→ **What is required**
Each line from the start of the entries through the line that contains "#1=APPLICATION_CONTEXT('core data for" should be output exactly, please.

→ **Task input**
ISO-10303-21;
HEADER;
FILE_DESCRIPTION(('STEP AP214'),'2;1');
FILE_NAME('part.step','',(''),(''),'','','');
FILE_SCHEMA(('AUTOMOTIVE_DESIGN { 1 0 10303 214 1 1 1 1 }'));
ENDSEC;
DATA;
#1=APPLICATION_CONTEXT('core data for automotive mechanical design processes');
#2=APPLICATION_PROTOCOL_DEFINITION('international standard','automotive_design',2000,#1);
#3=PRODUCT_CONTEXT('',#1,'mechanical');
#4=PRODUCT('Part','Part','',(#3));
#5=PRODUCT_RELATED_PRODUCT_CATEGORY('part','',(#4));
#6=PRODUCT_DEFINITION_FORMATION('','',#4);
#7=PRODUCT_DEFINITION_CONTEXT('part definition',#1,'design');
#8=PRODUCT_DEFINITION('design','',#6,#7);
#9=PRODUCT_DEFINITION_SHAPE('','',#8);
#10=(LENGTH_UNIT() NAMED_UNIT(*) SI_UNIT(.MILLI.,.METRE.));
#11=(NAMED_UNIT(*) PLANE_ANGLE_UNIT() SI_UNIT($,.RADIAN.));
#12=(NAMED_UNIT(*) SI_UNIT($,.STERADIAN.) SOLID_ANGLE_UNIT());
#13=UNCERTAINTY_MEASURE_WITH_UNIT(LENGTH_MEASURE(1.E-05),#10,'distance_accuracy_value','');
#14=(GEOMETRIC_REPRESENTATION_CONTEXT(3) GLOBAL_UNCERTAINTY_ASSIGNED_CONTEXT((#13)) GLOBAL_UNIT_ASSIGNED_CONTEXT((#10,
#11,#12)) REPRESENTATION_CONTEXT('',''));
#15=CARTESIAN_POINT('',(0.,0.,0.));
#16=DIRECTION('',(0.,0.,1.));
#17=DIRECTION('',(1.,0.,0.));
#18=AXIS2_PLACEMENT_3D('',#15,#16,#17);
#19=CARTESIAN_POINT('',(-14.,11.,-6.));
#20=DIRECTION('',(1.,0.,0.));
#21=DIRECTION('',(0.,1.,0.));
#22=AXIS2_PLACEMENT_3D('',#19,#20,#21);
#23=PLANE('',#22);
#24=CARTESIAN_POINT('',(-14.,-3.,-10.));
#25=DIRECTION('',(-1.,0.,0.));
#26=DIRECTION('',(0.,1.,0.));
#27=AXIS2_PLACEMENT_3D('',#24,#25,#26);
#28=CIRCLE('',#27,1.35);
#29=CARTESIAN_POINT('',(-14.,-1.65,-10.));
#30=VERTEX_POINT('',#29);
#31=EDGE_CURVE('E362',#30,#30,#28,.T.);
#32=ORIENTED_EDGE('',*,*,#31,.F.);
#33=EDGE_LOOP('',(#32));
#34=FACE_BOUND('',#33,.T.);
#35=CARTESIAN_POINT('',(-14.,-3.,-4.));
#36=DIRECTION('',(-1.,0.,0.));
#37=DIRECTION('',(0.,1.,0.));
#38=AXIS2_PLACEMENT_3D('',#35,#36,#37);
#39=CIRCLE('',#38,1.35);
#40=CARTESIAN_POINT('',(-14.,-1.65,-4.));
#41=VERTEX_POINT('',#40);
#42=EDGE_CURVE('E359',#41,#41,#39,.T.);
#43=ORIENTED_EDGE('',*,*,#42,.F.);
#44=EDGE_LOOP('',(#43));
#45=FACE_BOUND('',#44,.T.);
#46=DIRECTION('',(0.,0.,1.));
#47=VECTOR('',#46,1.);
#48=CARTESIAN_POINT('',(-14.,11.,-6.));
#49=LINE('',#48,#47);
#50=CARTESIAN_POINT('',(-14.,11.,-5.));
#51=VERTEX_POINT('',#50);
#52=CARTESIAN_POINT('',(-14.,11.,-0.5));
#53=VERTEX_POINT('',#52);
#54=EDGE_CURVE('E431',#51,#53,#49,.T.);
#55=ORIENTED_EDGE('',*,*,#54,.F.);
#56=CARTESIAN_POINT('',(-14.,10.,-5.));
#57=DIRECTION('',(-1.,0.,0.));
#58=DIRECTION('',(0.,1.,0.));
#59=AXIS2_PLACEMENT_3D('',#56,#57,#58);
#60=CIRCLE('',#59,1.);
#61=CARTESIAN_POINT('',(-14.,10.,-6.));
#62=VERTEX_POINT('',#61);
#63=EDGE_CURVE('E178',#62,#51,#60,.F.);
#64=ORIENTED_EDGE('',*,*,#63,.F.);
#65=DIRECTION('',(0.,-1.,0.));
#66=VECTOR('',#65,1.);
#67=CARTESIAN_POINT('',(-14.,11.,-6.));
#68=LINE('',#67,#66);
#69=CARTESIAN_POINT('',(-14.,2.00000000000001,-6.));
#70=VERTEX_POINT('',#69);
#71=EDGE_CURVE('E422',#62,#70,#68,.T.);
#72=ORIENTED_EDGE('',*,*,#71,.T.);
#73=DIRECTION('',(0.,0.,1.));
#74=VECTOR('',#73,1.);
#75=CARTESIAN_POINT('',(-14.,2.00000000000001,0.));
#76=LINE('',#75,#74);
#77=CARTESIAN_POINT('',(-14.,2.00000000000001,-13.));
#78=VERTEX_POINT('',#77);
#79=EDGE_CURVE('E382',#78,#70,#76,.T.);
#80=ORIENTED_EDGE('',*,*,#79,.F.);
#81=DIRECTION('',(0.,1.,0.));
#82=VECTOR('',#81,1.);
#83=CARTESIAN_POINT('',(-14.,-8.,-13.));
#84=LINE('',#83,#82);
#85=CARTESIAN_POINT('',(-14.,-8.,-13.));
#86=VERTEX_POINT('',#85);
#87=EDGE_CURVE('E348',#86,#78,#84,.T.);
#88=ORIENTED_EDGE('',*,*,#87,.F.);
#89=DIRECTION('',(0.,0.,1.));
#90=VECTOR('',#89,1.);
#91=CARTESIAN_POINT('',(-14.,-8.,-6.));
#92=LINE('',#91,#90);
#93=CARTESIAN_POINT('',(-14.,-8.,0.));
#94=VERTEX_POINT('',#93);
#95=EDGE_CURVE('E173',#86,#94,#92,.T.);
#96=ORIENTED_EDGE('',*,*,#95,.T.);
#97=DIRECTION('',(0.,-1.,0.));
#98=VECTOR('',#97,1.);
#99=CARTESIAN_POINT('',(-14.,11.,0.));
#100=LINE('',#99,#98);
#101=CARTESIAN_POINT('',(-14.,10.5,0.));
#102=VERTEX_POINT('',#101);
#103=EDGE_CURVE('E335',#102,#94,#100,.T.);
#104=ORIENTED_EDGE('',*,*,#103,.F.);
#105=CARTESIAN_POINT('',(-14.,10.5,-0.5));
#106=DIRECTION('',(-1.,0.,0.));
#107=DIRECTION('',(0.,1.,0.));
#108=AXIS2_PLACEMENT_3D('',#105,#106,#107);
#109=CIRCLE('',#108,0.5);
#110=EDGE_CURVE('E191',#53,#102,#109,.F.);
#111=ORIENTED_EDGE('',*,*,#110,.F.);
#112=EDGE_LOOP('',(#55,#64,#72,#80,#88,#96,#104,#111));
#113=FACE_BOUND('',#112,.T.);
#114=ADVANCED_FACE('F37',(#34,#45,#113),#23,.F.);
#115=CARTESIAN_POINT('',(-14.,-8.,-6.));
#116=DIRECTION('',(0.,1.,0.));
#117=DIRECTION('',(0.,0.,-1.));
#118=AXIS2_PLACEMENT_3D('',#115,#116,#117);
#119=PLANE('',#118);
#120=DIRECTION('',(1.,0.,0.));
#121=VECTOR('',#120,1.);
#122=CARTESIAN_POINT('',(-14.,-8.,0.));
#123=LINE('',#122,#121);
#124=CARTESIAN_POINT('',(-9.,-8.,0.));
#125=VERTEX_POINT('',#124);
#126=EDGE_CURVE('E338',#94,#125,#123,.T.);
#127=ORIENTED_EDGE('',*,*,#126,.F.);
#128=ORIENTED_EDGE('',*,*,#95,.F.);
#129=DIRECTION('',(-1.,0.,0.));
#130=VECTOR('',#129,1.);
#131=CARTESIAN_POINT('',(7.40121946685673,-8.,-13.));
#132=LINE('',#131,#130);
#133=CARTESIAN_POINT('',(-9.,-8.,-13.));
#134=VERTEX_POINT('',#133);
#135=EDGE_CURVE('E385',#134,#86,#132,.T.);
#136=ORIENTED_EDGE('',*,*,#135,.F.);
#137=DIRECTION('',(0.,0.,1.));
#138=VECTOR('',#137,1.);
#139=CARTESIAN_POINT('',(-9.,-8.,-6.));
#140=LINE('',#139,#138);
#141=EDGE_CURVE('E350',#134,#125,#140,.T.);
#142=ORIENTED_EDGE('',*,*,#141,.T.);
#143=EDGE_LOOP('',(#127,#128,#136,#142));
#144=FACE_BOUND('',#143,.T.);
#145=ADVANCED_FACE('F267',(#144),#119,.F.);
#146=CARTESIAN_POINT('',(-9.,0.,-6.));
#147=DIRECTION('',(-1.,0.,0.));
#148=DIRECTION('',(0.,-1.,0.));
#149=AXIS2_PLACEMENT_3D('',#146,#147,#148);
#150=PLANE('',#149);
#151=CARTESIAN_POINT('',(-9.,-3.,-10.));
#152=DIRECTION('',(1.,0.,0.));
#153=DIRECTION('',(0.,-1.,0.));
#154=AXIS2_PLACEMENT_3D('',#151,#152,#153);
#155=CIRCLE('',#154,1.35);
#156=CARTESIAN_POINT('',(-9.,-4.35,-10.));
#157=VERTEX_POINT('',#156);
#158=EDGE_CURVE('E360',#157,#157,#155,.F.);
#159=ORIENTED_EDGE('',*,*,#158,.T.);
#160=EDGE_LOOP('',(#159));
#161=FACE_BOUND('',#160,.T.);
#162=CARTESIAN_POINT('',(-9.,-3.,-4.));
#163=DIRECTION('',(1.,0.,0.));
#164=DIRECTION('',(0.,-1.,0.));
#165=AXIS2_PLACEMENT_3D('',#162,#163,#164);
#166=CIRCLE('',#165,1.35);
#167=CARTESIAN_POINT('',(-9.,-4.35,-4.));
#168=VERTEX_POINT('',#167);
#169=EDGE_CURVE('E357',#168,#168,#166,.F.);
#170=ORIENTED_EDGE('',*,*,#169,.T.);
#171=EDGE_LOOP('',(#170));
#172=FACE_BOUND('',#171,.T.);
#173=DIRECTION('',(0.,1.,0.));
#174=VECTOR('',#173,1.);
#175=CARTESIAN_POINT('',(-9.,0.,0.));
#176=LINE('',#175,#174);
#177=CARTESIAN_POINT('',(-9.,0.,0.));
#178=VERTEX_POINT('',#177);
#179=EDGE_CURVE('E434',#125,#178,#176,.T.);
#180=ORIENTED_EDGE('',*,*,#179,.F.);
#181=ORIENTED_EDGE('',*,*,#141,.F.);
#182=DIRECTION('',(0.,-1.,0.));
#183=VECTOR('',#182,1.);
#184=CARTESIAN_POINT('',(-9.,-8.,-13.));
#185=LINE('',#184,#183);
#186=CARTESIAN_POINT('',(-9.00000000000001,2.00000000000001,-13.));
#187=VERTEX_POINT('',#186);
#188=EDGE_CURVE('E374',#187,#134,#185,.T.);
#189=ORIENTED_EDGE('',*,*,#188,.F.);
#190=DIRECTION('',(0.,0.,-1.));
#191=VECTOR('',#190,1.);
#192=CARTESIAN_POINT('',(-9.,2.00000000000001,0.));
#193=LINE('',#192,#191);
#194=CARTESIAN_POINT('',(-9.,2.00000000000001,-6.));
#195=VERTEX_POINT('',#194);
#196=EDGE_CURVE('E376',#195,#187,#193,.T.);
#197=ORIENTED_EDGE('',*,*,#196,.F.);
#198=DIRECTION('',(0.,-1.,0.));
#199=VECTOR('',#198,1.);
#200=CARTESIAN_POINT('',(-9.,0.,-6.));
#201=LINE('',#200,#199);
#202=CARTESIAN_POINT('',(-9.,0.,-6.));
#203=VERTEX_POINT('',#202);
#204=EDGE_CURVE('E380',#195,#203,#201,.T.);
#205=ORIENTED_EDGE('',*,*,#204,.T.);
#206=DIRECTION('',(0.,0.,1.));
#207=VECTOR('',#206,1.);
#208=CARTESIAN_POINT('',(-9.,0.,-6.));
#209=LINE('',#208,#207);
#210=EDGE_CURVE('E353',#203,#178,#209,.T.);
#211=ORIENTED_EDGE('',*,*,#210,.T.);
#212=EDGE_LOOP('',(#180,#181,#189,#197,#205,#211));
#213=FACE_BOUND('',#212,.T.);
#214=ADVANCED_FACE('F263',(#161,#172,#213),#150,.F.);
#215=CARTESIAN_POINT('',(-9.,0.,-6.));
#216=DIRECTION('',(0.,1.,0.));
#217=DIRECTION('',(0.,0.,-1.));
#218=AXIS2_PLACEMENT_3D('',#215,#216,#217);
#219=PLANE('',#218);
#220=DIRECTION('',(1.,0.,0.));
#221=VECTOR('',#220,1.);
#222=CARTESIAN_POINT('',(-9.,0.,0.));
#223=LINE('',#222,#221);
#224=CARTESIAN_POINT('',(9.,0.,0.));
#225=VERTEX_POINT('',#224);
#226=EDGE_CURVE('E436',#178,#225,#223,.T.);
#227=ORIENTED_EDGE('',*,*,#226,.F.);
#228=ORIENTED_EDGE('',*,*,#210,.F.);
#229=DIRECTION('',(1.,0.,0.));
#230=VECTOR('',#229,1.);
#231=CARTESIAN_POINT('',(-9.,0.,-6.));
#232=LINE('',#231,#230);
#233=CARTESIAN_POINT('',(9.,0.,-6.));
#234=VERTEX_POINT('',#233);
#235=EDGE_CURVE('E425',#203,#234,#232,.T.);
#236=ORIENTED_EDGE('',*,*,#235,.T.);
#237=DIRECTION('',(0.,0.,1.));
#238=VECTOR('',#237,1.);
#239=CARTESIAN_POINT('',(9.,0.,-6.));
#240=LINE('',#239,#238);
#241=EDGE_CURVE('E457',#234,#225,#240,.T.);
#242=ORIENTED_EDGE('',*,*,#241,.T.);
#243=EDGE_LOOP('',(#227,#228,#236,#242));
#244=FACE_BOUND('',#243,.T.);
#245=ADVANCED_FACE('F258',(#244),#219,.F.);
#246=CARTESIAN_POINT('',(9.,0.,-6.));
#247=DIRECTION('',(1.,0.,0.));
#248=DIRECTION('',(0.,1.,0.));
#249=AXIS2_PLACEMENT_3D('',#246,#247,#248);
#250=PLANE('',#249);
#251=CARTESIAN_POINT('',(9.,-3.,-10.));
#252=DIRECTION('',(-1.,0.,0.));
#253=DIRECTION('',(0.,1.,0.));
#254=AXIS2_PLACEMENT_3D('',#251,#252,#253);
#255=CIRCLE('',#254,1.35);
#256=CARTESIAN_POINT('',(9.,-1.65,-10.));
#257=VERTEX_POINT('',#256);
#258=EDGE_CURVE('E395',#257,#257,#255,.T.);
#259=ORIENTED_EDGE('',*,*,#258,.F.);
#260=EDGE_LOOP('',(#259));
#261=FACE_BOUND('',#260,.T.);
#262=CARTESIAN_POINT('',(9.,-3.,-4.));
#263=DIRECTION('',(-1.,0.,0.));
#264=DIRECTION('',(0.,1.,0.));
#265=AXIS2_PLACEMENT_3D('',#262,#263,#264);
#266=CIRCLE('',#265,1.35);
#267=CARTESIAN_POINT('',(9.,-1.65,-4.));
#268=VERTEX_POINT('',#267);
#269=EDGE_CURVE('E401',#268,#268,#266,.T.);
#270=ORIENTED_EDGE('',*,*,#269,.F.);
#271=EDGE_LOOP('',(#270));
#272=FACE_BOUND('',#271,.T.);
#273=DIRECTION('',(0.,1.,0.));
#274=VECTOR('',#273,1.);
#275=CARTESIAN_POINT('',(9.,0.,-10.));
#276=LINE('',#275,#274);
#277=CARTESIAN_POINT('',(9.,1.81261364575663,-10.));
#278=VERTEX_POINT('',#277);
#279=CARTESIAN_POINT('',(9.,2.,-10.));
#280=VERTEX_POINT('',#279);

→ **Exercise result**
ISO-10303-21;
HEADER;
FILE_DESCRIPTION(('STEP AP214'),'2;1');
FILE_NAME('part.step','',(''),(''),'','','');
FILE_SCHEMA(('AUTOMOTIVE_DESIGN { 1 0 10303 214 1 1 1 1 }'));
ENDSEC;
DATA;
#1=APPLICATION_CONTEXT('core data for automotive mechanical design processes');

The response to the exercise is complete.